Copy exactly the lines of the records below, and only those lines, beginning with the line that contains "w_rel/1 -> back-EMF/1, w to PS/1" and ending with the line that contains "Gearbox 29.86:1/LConn1 -- DC".

Stored data Block Start

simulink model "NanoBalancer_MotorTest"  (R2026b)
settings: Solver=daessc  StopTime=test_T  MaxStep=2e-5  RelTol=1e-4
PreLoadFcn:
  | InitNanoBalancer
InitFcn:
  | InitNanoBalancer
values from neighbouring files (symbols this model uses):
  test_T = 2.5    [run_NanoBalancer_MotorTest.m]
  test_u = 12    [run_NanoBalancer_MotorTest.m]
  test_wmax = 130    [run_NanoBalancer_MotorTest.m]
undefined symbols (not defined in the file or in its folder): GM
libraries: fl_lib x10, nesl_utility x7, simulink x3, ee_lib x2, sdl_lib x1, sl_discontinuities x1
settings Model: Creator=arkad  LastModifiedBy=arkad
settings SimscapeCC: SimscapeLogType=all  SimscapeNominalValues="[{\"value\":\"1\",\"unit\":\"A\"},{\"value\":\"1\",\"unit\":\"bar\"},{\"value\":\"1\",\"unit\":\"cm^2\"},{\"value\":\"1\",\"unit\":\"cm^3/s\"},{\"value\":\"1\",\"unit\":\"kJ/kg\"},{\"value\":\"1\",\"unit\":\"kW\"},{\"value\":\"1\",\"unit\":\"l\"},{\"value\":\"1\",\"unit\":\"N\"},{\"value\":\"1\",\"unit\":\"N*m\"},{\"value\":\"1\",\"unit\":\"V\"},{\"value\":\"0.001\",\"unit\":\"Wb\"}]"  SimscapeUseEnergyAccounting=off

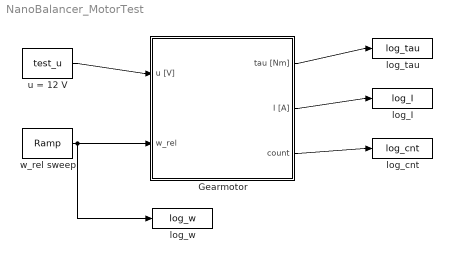
== system NanoBalancer_MotorTest ==
  Gearmotor : Subsystem
  log_I : ToWorkspace  VariableName=log_I  SaveFormat=Structure With Time  SampleTime=-1
  log_cnt : ToWorkspace  VariableName=log_cnt  SaveFormat=Structure With Time  SampleTime=-1
  log_tau : ToWorkspace  VariableName=log_tau  SaveFormat=Structure With Time  SampleTime=-1
  log_w : ToWorkspace  VariableName=log_w  SaveFormat=Structure With Time  SampleTime=-1
  u = 12 V : Constant  Value=test_u
  w_rel sweep : simulink/Sources/Ramp  slope=test_wmax/test_T  start=0  InitialOutput=0
  wires:
  u = 12 V/1 -> Gearmotor/1(u [V])
  w_rel sweep/1 -> Gearmotor/2(w_rel), log_w/1
  Gearmotor/1(tau [Nm]) -> log_tau/1
  Gearmotor/2(I [A]) -> log_I/1
  Gearmotor/3(count) -> log_cnt/1

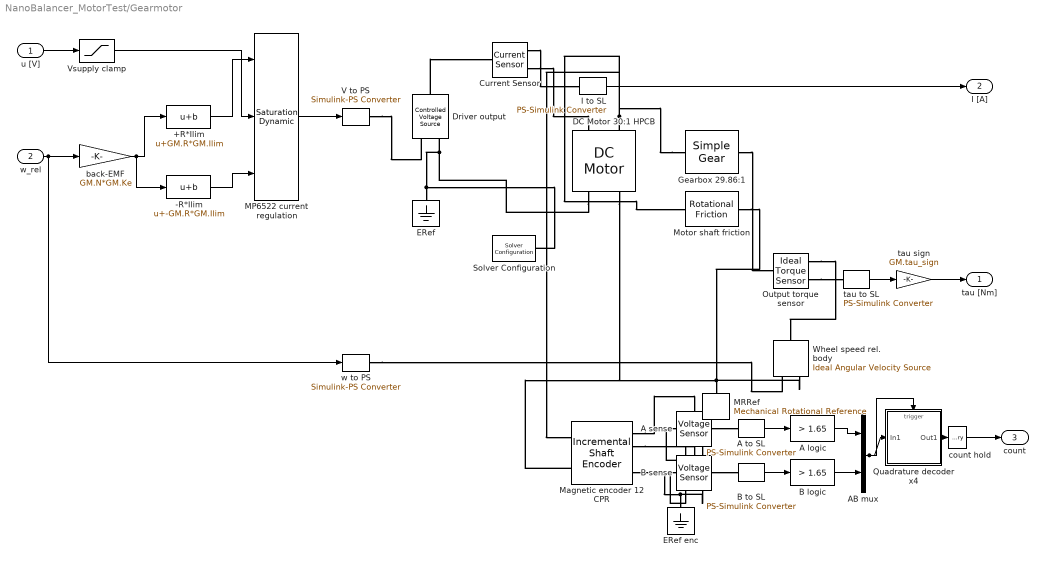
== system NanoBalancer_MotorTest/Gearmotor ==
  u [V] : Inport
  w_rel : Inport  Port=2
  +R*Ilim : Bias  Bias=GM.R*GM.Ilim  SaturateOnIntegerOverflow=off
  -R*Ilim : Bias  Bias=-GM.R*GM.Ilim  SaturateOnIntegerOverflow=off
  A logic : simulink/Logic and Bit Operations/Compare To Constant  relop=>  const=1.65  OutDataTypeStr=boolean
  A sense : fl_lib/Electrical/Electrical Sensors/Voltage Sensor
  A to SL : nesl_utility/PS-Simulink Converter  PhysicalDomain=network_engine_domain  SubClassName=ps_output  LeftPortType=input  RightPortType=output  PseudoPeriodic=off  Frequencies=[]  VectorFormat=inherit  Unit=inherit  AffineConversion=off
  AB mux : Mux  Inputs=2
  B logic : simulink/Logic and Bit Operations/Compare To Constant  relop=>  const=1.65  OutDataTypeStr=boolean
  B sense : fl_lib/Electrical/Electrical Sensors/Voltage Sensor
  B to SL : nesl_utility/PS-Simulink Converter  PhysicalDomain=network_engine_domain  SubClassName=ps_output  LeftPortType=input  RightPortType=output  PseudoPeriodic=off  Frequencies=[]  VectorFormat=inherit  Unit=inherit  AffineConversion=off
  Current Sensor : fl_lib/Electrical/Electrical Sensors/Current Sensor
  DC Motor 30:1 HPCB : ee_lib/Electromechanical/Brushed Motors/DC Motor  field_option=ee.enum.field_option.pm  Rf=100 Ohm  Lf=1 H  Laf=0.15 H  If0=0 A  parameterization=ee.enum.dcparam_option.circuit_param  Ra=GM.R Ohm  La=GM.La H  emf_or_torque=ee.enum.emf_or_torque.kv  Kv=GM.Ke V/(rad/s)  Ki=6.876e-4 N*m/A  T_stall=0.24e-3 N*m  w_max=19100 rpm  w_rated=15000 rpm  P_rated=0.08 W  V_rated=1.5 V  lam_param=ee.enum.lam_param.damping  i_noload=0 A  V_i_noload=1.5 V  J=GM.J_rotor kg*m^2  lam=0 N*m*s/rad  speed0=0 rpm  alpha=3.93e-3 1/K  Tmeas=25 degC  thermal_mass=100 J/K  initial_temperature=25 degC
  Driver output : fl_lib/Electrical/Electrical Sources/Controlled Voltage Source
  ERef : fl_lib/Electrical/Electrical Elements/Electrical Reference
  ERef enc : fl_lib/Electrical/Electrical Elements/Electrical Reference
  Gearbox 29.86:1 : sdl_lib/Gears/Simple Gear  ratio=GM.N  rotation_direction=1  friction_model=sdl.enum.gear_efficiencies_load.constant  T_noload=0.1 N*m  T_nom=5 N*m  efficiency_nom=0.8  efficiency=GM.eta_gb  temperature_TLU=[280, 300, 320] K  load_TLU=[1, 5, 10] N*m  efficiency_TLU=[.95, .9, .85]  efficiency_TLU2=[.85, .8, .75; .95, .9, .85; .85, .8, .7]  w_thr=0.5 rad/s  pwr_thr=0.001 W  enable_backlash=false  hardstop_model=simscape.enum.hardstop.smooth  backlash_distance=1e-3 mm  r_base=0.1 m  transition=1e-4 mm  backlash_stiffness=1e6 N/m  backlash_damping=1e3 N*s/m  coeff_rest=0.7  v_tol=0.001 m/s  f_tol=0.001 N  tau=0.1 s  mu_visc=[0, 0] N*m*s/rad  thermal_mass=50 J/K  temperature_specify=off  temperature_priority=High  temperature=300 K  temperature_nominal_specify=off  temperature_nominal_value=1  temperature_nominal_unit=K  x_backlash_specify=off  x_backlash_priority=None  x_backlash=0 mm  x_backlash_nominal_specify=off  x_backlash_nominal_value=1  x_backlash_nominal_unit=mm  f_hardstop_specify=off  f_hardstop_priority=None  f_hardstop=0 N  f_hardstop_nominal_specify=off  f_hardstop_nominal_value=1  f_hardstop_nominal_unit=N  v_backlash_specify=off  v_backlash_priority=None  v_backlash=0 m/s  v_backlash_nominal_specify=off  v_backlash_nominal_value=1  v_backlash_nominal_unit=m/s
  I to SL : nesl_utility/PS-Simulink Converter  PhysicalDomain=network_engine_domain  SubClassName=ps_output  LeftPortType=input  RightPortType=output  PseudoPeriodic=off  Frequencies=[]  VectorFormat=inherit  Unit=inherit  AffineConversion=off
  MP6522 current regulation : sl_discontinuities/Saturation Dynamic  OutMin=[]  OutMax=[]  OutDataTypeStr=Inherit: Same as second input  OutDataType=fixdt(1, 16)  OutScaling=2^-10  DoSatur=off
      settings: LibrarySourceBlock=|
      | simulink/Discontinuities/Saturation
      | Dynamic
  MRRef : fl_lib/Mechanical/Rotational Elements/Mechanical Rotational Reference
  Magnetic encoder 12 CPR : ee_lib/Sensors & Transducers/Incremental Shaft Encoder  NPulse=GM.PPR  Vm=3.3 V  angle0=1 deg
  Motor shaft friction : fl_lib/Mechanical/Rotational Elements/Rotational Friction  brkwy_trq=GM.Tc N*m  brkwy_vel=1 rad/s  Col_trq=GM.Tc N*m  visc_coef=0 N*m*s/rad  w_specify=off  w_priority=None  w=0 rad/s  w_nominal_specify=off  w_nominal_value=1  w_nominal_unit=rad/s  t_specify=off  t_priority=None  t=0 N*m  t_nominal_specify=off  t_nominal_value=1  t_nominal_unit=N*m
  Output torque sensor : fl_lib/Mechanical/Mechanical Sensors/Ideal Torque Sensor
  Quadrature decoder x4 : Subsystem  TreatAsAtomicUnit=on
  Solver Configuration : nesl_utility/Solver Configuration  PhysicalDomain=network_engine_domain  SubClassName=solver  LeftPortType=input  RightPortType=generic  Tones=[]  Harmonics=[]  SimulateNoise=off  Profile=off  UseLocalSampling=off  EnableSwitchedLinearOptims=on  FrequencyDomain=off  UseCCode=off  RelTol=0.001  AbsTol=0.001  MinStep=1e-09  ToWorkspace=off  RevertToSquareIcSolve=off  NumHomotopyIterations=100  PhasorMode=off  PhasorModeNumHarmonics=1  ConsistencySolver=NEWTON_XTOL_AFTER_FTOL  CanonicalOrdering=CANONICAL  OptimizeIntermediates=OPTIMIZED  MulticoreSolverChoice=BACKWARD_EULER  IndexReductionMethod=DerivativeReplacement  DoDC=off  ResidualTolerance=1e-09  ConsistencyTolSource=GLOBAL  ConsistencyAbsTol=0.001  ConsistencyRelTol=0.001  ConsistencyTolFactor=0.001  UseLocalSolver=off  LocalSolverChoice=NE_BACKWARD_EULER_ADVANCER  ResolveIndetEquations=on  FunctionEvalNumThread=1  LocalSolverSampleTime=0.001  DoFixedCost=off  MaxNonlinIter=3  MaxModeIter=2  ComputeImpulses=off  ImpulseIterations=2  LinearAlgebra=auto  LinearAlgebraNumThread=0  EquationFormulation=NE_TIME_EF  DelaysMemoryBudget=1024  AutomaticFiltering=on  FilteringTimeConstant=0.001  PartitionStorageMethod=AS_NEEDED  PartitionMemoryBudget=1024  PartitionMethod=BALANCED  MultibodyUseLocalSolver=off  MultibodyLocalSolverChoice=ODE1  MultibodyLocalSolverSampleTime=0.001
  V to PS : nesl_utility/Simulink-PS Converter  PhysicalDomain=network_engine_domain  SubClassName=ps_input  LeftPortType=input  RightPortType=output  PseudoPeriodic=off  Frequencies=[]  NoiseDistribution=none  NoiseParameters=[]  Unit=1  AffineConversion=off  FilteringAndDerivatives=provide  SimscapeFilterOrder=1  InputFilterTimeConstant=0.001  UdotUserProvided=0
  Vsupply clamp : Saturate  UpperLimit=GM.Vmax  LowerLimit=-GM.Vmax
  Wheel speed rel. body : fl_lib/Mechanical/Mechanical Sources/Ideal Angular Velocity Source
  back-EMF : Gain  Gain=GM.N*GM.Ke
  count hold : Memory
  tau sign : Gain  Gain=GM.tau_sign
  tau to SL : nesl_utility/PS-Simulink Converter  PhysicalDomain=network_engine_domain  SubClassName=ps_output  LeftPortType=input  RightPortType=output  PseudoPeriodic=off  Frequencies=[]  VectorFormat=inherit  Unit=inherit  AffineConversion=off
  w to PS : nesl_utility/Simulink-PS Converter  PhysicalDomain=network_engine_domain  SubClassName=ps_input  LeftPortType=input  RightPortType=output  PseudoPeriodic=off  Frequencies=[]  NoiseDistribution=none  NoiseParameters=[]  Unit=1  AffineConversion=off  FilteringAndDerivatives=filter  SimscapeFilterOrder=2  InputFilterTimeConstant=2e-4  UdotUserProvided=0
  tau [Nm] : Outport
  I [A] : Outport  Port=2
  count : Outport  Port=3
  wires:
  u [V]/1 -> Vsupply clamp/1
  w_rel/1 -> back-EMF/1, w to PS/1
  back-EMF/1 -> +R*Ilim/1, -R*Ilim/1
  +R*Ilim/1 -> MP6522 current regulation/1
  Vsupply clamp/1 -> MP6522 current regulation/2
  -R*Ilim/1 -> MP6522 current regulation/3
  MP6522 current regulation/1 -> V to PS/1
  tau to SL/1 -> tau sign/1
  tau sign/1 -> tau [Nm]/1
  I to SL/1 -> I [A]/1
  A to SL/1 -> A logic/1
  B to SL/1 -> B logic/1
  A logic/1 -> AB mux/1
  B logic/1 -> AB mux/2
  AB mux/1 -> Quadrature decoder x4/1(In1), Quadrature decoder x4/Trigger
  Quadrature decoder x4/1(Out1) -> count hold/1
  count hold/1 -> count/1
  connections:
  V to PS/RConn1 -- Driver output/RConn1
  Driver output/LConn1 -- Current Sensor/LConn1
  Current Sensor/RConn2 -- DC Motor 30:1 HPCB/LConn1
  Current Sensor/RConn1 -- I to SL/LConn1
  Driver output/RConn2 -- DC Motor 30:1 HPCB/RConn1 -- ERef/LConn1 -- Solver Configuration/RConn1
  Gearbox 29.86:1/LConn1 -- DC Motor 30:1 HPCB/LConn2 -- Motor shaft friction/LConn1 -- Magnetic encoder 12 CPR/LConn1
  Motor shaft friction/RConn1 -- DC Motor 30:1 HPCB/RConn2 -- Wheel speed rel. body/RConn2 -- MRRef/LConn1 -- Magnetic encoder 12 CPR/LConn2
  Gearbox 29.86:1/RConn1 -- Output torque sensor/LConn1
  Output torque sensor/RConn1 -- Wheel speed rel. body/LConn1
  w to PS/RConn1 -- Wheel speed rel. body/RConn1
  Output torque sensor/RConn2 -- tau to SL/LConn1
  Magnetic encoder 12 CPR/RConn4 -- A sense/RConn2 -- ERef enc/LConn1 -- B sense/RConn2
  Magnetic encoder 12 CPR/RConn1 -- A sense/LConn1
  Magnetic encoder 12 CPR/RConn2 -- B sense/LConn1
  A sense/RConn1 -- A to SL/LConn1
  B sense/RConn1 -- B to SL/LConn1

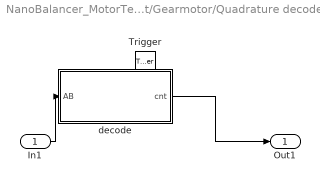
== system NanoBalancer_MotorTest/Gearmotor/Quadrature decoder x4 ==
  In1 : Inport
  Trigger : TriggerPort  TriggerType=either  VariantControl=(inherit)
  decode : MATLAB Function  TreatAsAtomicUnit=on
  Out1 : Outport  InitialOutput=0
  wires:
  In1/1 -> decode/1(AB)
  decode/1(cnt) -> Out1/1

== matlab function NanoBalancer_MotorTest/Gearmotor/Quadrature decoder x4/decode ==
  data: AB input size=[2 1]; cnt output
function cnt = decode(AB)
% x4 quadrature decoding: +1 per edge when A leads B (positive rotation)
persistent prev c
if isempty(prev), prev = 2*double(AB(1)) + double(AB(2)); c = 0; end
s = 2*double(AB(1)) + double(AB(2));
T = [0 -1 1 0; 1 0 0 -1; -1 0 0 1; 0 1 -1 0];
c = c + T(prev+1, s+1);
prev = s;
cnt = c;

Stored data Block End

* Task answer:
  w_rel/1 -> back-EMF/1, w to PS/1
  back-EMF/1 -> +R*Ilim/1, -R*Ilim/1
  +R*Ilim/1 -> MP6522 current regulation/1
  Vsupply clamp/1 -> MP6522 current regulation/2
  -R*Ilim/1 -> MP6522 current regulation/3
  MP6522 current regulation/1 -> V to PS/1
  tau to SL/1 -> tau sign/1
  tau sign/1 -> tau [Nm]/1
  I to SL/1 -> I [A]/1
  A to SL/1 -> A logic/1
  B to SL/1 -> B logic/1
  A logic/1 -> AB mux/1
  B logic/1 -> AB mux/2
  AB mux/1 -> Quadrature decoder x4/1(In1), Quadrature decoder x4/Trigger
  Quadrature decoder x4/1(Out1) -> count hold/1
  count hold/1 -> count/1
  connections:
  V to PS/RConn1 -- Driver output/RConn1
  Driver output/LConn1 -- Current Sensor/LConn1
  Current Sensor/RConn2 -- DC Motor 30:1 HPCB/LConn1
  Current Sensor/RConn1 -- I to SL/LConn1
  Driver output/RConn2 -- DC Motor 30:1 HPCB/RConn1 -- ERef/LConn1 -- Solver Configuration/RConn1
  Gearbox 29.86:1/LConn1 -- DC Motor 30:1 HPCB/LConn2 -- Motor shaft friction/LConn1 -- Magnetic encoder 12 CPR/LConn1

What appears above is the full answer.